- _YOUR GOAL_
Below are the records; restate word for word the lines from the first through the one containing "- moved U$4 0.80 mm to (8.13, 13.5)", and only those.
=== Begin Enclosure ===
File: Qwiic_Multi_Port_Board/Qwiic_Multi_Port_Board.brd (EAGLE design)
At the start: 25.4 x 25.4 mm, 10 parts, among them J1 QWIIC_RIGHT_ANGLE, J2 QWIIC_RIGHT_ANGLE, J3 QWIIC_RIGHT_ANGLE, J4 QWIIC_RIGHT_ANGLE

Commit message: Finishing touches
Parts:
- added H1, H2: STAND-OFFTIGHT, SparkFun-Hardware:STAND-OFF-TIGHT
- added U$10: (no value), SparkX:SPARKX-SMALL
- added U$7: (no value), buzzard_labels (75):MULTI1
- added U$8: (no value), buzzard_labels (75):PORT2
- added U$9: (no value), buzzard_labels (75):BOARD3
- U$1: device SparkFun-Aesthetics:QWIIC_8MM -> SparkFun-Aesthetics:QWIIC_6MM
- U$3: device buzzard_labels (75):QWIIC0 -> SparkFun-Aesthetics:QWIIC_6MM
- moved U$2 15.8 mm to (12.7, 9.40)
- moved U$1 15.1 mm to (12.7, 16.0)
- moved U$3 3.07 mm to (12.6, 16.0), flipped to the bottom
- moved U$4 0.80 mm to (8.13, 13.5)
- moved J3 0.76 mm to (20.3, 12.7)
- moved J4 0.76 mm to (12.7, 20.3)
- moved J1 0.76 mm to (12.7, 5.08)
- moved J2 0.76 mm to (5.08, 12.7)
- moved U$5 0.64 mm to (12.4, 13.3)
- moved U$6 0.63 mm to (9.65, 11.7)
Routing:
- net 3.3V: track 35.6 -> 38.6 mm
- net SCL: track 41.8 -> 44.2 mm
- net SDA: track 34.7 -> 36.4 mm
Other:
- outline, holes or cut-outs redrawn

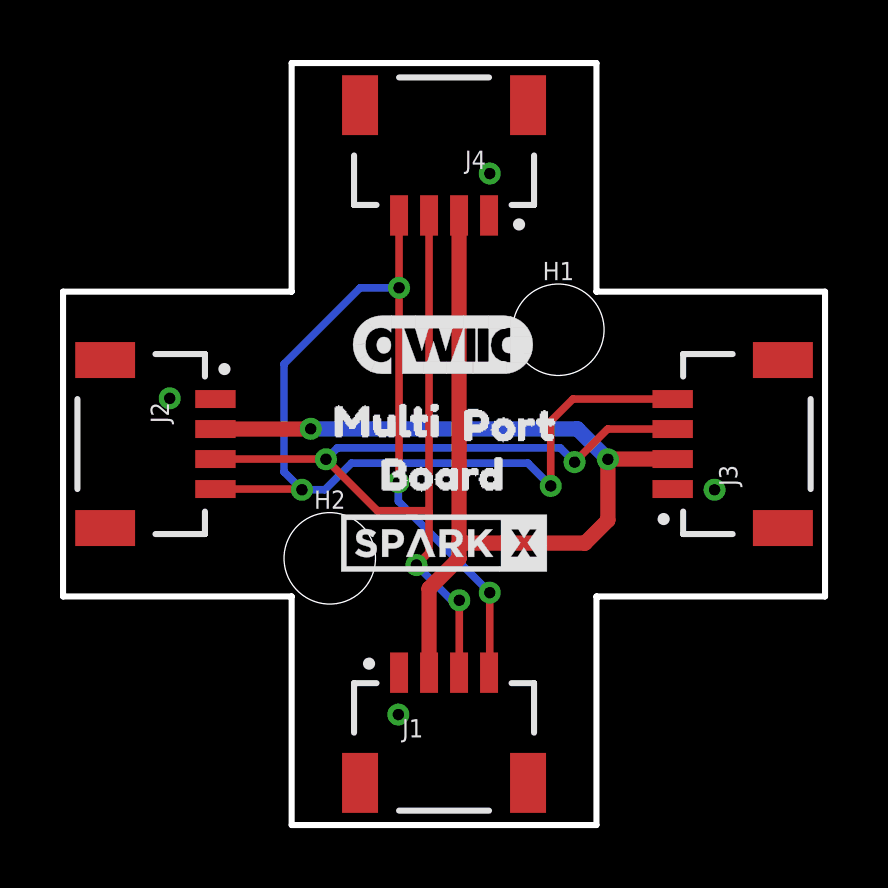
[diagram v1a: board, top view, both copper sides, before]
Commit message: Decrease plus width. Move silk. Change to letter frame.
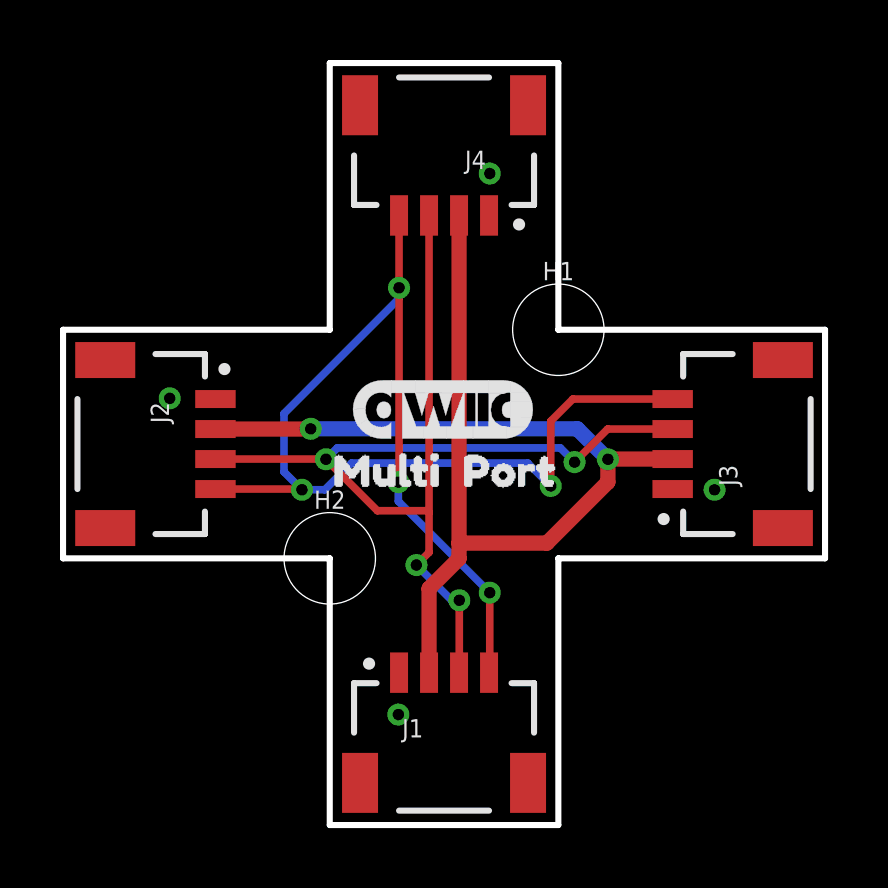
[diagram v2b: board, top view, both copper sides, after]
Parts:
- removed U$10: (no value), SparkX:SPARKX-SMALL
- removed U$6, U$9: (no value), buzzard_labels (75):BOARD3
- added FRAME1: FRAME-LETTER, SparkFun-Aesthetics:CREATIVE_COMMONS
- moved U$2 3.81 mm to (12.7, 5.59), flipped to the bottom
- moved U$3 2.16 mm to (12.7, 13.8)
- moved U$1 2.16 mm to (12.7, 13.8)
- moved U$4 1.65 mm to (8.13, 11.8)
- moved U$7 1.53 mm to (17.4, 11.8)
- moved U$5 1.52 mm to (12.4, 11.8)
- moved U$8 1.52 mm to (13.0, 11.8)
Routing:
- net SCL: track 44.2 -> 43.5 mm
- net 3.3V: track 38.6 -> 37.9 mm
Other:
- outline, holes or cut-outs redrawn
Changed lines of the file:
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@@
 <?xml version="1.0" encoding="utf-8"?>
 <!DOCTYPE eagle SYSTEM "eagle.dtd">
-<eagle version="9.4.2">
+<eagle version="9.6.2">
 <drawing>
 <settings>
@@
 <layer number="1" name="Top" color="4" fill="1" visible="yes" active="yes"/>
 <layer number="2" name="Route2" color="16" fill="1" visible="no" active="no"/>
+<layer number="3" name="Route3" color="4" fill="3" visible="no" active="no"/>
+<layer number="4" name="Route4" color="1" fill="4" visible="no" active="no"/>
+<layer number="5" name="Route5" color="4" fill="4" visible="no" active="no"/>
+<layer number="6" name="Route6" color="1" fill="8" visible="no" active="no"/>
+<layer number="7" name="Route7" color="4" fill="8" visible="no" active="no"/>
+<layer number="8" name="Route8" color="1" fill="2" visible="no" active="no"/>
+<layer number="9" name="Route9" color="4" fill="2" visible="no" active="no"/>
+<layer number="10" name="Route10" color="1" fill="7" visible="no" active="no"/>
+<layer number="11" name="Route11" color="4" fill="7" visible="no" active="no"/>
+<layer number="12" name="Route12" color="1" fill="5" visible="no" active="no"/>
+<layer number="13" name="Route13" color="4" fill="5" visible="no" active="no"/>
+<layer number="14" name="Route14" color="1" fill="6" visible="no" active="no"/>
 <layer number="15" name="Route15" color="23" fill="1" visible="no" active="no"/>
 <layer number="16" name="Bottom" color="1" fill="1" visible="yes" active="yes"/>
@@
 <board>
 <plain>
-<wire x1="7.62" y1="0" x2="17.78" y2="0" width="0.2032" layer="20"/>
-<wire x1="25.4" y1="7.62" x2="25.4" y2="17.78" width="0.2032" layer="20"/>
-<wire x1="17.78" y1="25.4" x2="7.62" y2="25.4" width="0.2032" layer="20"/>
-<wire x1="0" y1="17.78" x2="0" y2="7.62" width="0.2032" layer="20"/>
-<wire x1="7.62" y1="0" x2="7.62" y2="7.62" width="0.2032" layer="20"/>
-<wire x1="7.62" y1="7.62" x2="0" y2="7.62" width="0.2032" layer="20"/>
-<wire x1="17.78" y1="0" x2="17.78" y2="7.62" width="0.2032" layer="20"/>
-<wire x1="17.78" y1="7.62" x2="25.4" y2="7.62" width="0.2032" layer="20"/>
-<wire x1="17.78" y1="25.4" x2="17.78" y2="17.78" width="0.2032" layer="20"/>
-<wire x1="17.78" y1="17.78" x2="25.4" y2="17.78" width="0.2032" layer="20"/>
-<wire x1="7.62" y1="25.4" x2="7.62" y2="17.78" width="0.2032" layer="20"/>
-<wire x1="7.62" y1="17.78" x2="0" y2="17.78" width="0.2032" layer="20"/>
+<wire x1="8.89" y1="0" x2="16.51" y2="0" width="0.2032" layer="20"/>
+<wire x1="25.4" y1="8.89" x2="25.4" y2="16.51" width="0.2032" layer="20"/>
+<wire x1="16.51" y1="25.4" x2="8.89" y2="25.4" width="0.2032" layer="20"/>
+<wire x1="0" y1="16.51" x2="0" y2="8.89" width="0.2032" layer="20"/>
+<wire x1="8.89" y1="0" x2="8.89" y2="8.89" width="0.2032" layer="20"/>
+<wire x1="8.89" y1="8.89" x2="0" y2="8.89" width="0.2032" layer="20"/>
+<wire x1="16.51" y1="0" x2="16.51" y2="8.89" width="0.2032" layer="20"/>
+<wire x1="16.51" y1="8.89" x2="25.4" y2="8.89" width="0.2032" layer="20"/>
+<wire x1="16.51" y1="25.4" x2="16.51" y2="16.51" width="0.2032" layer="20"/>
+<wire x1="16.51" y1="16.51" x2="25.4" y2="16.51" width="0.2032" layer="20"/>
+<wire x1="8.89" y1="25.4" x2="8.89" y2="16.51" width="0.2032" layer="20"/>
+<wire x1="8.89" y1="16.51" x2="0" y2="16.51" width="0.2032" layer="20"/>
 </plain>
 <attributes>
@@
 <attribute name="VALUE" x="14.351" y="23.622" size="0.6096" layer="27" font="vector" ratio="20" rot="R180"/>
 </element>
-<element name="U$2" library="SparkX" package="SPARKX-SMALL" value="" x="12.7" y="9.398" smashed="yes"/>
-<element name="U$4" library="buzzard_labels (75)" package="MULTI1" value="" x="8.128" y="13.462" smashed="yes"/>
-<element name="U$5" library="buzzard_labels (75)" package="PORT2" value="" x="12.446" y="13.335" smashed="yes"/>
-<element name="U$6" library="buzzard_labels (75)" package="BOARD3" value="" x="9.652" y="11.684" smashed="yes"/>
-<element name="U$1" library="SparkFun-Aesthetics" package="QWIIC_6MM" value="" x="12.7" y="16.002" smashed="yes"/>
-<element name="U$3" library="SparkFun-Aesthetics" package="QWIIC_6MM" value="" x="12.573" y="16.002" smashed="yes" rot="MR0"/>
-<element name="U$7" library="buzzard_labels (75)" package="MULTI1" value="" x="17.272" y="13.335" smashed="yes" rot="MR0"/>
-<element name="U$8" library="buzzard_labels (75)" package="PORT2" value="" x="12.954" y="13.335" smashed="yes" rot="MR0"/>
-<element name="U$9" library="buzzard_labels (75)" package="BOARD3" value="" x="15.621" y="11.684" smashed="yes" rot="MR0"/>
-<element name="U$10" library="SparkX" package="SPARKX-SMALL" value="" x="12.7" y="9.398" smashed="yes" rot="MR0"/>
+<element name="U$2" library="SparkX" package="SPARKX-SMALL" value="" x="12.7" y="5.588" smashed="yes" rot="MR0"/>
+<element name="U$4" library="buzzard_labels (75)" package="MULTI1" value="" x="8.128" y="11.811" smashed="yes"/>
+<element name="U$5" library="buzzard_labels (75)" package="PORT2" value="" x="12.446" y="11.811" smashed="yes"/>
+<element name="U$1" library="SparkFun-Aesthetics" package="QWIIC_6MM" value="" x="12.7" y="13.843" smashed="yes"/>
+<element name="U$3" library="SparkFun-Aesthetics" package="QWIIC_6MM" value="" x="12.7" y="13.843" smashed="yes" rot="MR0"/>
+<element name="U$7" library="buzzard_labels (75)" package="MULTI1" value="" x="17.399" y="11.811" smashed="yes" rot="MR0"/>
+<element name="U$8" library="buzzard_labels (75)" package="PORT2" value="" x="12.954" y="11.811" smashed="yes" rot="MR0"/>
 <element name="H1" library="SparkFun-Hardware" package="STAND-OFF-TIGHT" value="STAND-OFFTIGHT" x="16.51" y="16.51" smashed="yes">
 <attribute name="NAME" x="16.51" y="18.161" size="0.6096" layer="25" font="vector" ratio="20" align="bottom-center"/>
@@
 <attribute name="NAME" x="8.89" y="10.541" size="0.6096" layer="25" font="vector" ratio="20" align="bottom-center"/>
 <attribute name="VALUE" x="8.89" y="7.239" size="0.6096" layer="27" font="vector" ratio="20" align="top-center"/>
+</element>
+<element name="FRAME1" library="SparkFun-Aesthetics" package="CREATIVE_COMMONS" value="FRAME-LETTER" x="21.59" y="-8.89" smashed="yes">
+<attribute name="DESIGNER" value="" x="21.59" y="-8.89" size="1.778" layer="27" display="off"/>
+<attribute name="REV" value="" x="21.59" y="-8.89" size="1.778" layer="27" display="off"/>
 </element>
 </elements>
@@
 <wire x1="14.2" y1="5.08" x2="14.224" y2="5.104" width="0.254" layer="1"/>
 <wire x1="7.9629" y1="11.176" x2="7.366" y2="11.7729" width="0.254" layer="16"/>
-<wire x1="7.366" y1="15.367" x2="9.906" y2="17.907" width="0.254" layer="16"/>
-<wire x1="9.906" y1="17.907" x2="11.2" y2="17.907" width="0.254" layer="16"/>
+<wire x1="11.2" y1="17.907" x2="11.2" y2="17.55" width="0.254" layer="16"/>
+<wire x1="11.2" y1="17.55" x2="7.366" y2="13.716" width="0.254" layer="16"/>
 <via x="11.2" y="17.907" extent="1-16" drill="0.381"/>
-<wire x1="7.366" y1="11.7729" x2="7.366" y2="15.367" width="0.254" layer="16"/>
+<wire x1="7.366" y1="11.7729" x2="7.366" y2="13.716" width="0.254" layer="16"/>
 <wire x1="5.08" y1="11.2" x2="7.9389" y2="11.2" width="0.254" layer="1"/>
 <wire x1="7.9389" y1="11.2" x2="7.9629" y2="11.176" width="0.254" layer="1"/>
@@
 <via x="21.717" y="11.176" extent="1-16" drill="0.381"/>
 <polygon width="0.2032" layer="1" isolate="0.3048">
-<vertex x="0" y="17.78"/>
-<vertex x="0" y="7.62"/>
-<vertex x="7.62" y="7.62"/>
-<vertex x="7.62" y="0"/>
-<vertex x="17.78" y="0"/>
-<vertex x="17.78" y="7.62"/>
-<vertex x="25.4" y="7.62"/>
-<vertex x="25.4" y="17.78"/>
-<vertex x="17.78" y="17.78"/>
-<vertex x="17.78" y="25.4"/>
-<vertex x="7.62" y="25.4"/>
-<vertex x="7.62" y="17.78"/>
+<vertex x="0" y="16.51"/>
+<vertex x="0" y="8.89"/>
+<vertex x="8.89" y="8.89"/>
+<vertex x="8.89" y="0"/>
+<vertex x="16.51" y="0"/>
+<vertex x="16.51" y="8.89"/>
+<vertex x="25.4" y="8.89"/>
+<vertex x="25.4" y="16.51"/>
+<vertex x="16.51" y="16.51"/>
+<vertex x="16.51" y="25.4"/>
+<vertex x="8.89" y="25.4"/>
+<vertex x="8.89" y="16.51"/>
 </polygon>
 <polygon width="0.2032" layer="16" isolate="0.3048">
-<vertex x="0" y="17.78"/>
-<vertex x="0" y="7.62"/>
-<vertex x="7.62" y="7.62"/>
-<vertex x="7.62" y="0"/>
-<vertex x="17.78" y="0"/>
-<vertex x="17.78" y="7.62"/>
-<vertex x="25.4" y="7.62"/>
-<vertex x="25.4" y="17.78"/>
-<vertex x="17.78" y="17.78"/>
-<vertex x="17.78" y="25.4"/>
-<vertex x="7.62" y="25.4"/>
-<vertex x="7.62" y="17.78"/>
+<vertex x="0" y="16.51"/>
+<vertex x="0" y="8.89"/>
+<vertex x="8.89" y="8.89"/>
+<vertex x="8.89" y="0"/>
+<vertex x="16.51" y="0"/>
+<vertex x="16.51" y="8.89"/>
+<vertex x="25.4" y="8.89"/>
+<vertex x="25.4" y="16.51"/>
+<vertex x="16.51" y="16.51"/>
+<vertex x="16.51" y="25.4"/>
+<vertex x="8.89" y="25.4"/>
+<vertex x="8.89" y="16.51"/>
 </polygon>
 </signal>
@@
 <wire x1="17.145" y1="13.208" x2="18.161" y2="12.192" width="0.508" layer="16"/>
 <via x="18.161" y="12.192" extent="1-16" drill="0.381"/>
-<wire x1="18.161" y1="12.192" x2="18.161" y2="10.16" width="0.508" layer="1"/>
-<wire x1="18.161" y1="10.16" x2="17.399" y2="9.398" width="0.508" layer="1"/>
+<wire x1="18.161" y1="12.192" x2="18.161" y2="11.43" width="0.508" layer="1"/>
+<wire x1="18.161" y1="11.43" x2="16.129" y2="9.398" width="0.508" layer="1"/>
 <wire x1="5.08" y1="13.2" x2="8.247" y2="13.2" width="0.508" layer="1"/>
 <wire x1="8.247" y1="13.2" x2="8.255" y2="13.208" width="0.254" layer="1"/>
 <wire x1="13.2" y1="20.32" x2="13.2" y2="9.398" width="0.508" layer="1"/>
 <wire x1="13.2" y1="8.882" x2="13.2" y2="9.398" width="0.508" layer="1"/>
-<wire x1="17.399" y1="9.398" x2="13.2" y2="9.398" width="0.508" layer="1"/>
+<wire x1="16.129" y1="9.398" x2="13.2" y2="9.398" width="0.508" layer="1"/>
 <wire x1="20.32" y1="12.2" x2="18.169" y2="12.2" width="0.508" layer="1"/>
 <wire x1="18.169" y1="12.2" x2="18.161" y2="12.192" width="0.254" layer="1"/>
=== End Enclosure ===
- _RESULT BELOW_
File: Qwiic_Multi_Port_Board/Qwiic_Multi_Port_Board.brd (EAGLE design)
At the start: 25.4 x 25.4 mm, 10 parts, among them J1 QWIIC_RIGHT_ANGLE, J2 QWIIC_RIGHT_ANGLE, J3 QWIIC_RIGHT_ANGLE, J4 QWIIC_RIGHT_ANGLE

Commit message: Finishing touches
Parts:
- added H1, H2: STAND-OFFTIGHT, SparkFun-Hardware:STAND-OFF-TIGHT
- added U$10: (no value), SparkX:SPARKX-SMALL
- added U$7: (no value), buzzard_labels (75):MULTI1
- added U$8: (no value), buzzard_labels (75):PORT2
- added U$9: (no value), buzzard_labels (75):BOARD3
- U$1: device SparkFun-Aesthetics:QWIIC_8MM -> SparkFun-Aesthetics:QWIIC_6MM
- U$3: device buzzard_labels (75):QWIIC0 -> SparkFun-Aesthetics:QWIIC_6MM
- moved U$2 15.8 mm to (12.7, 9.40)
- moved U$1 15.1 mm to (12.7, 16.0)
- moved U$3 3.07 mm to (12.6, 16.0), flipped to the bottom
- moved U$4 0.80 mm to (8.13, 13.5)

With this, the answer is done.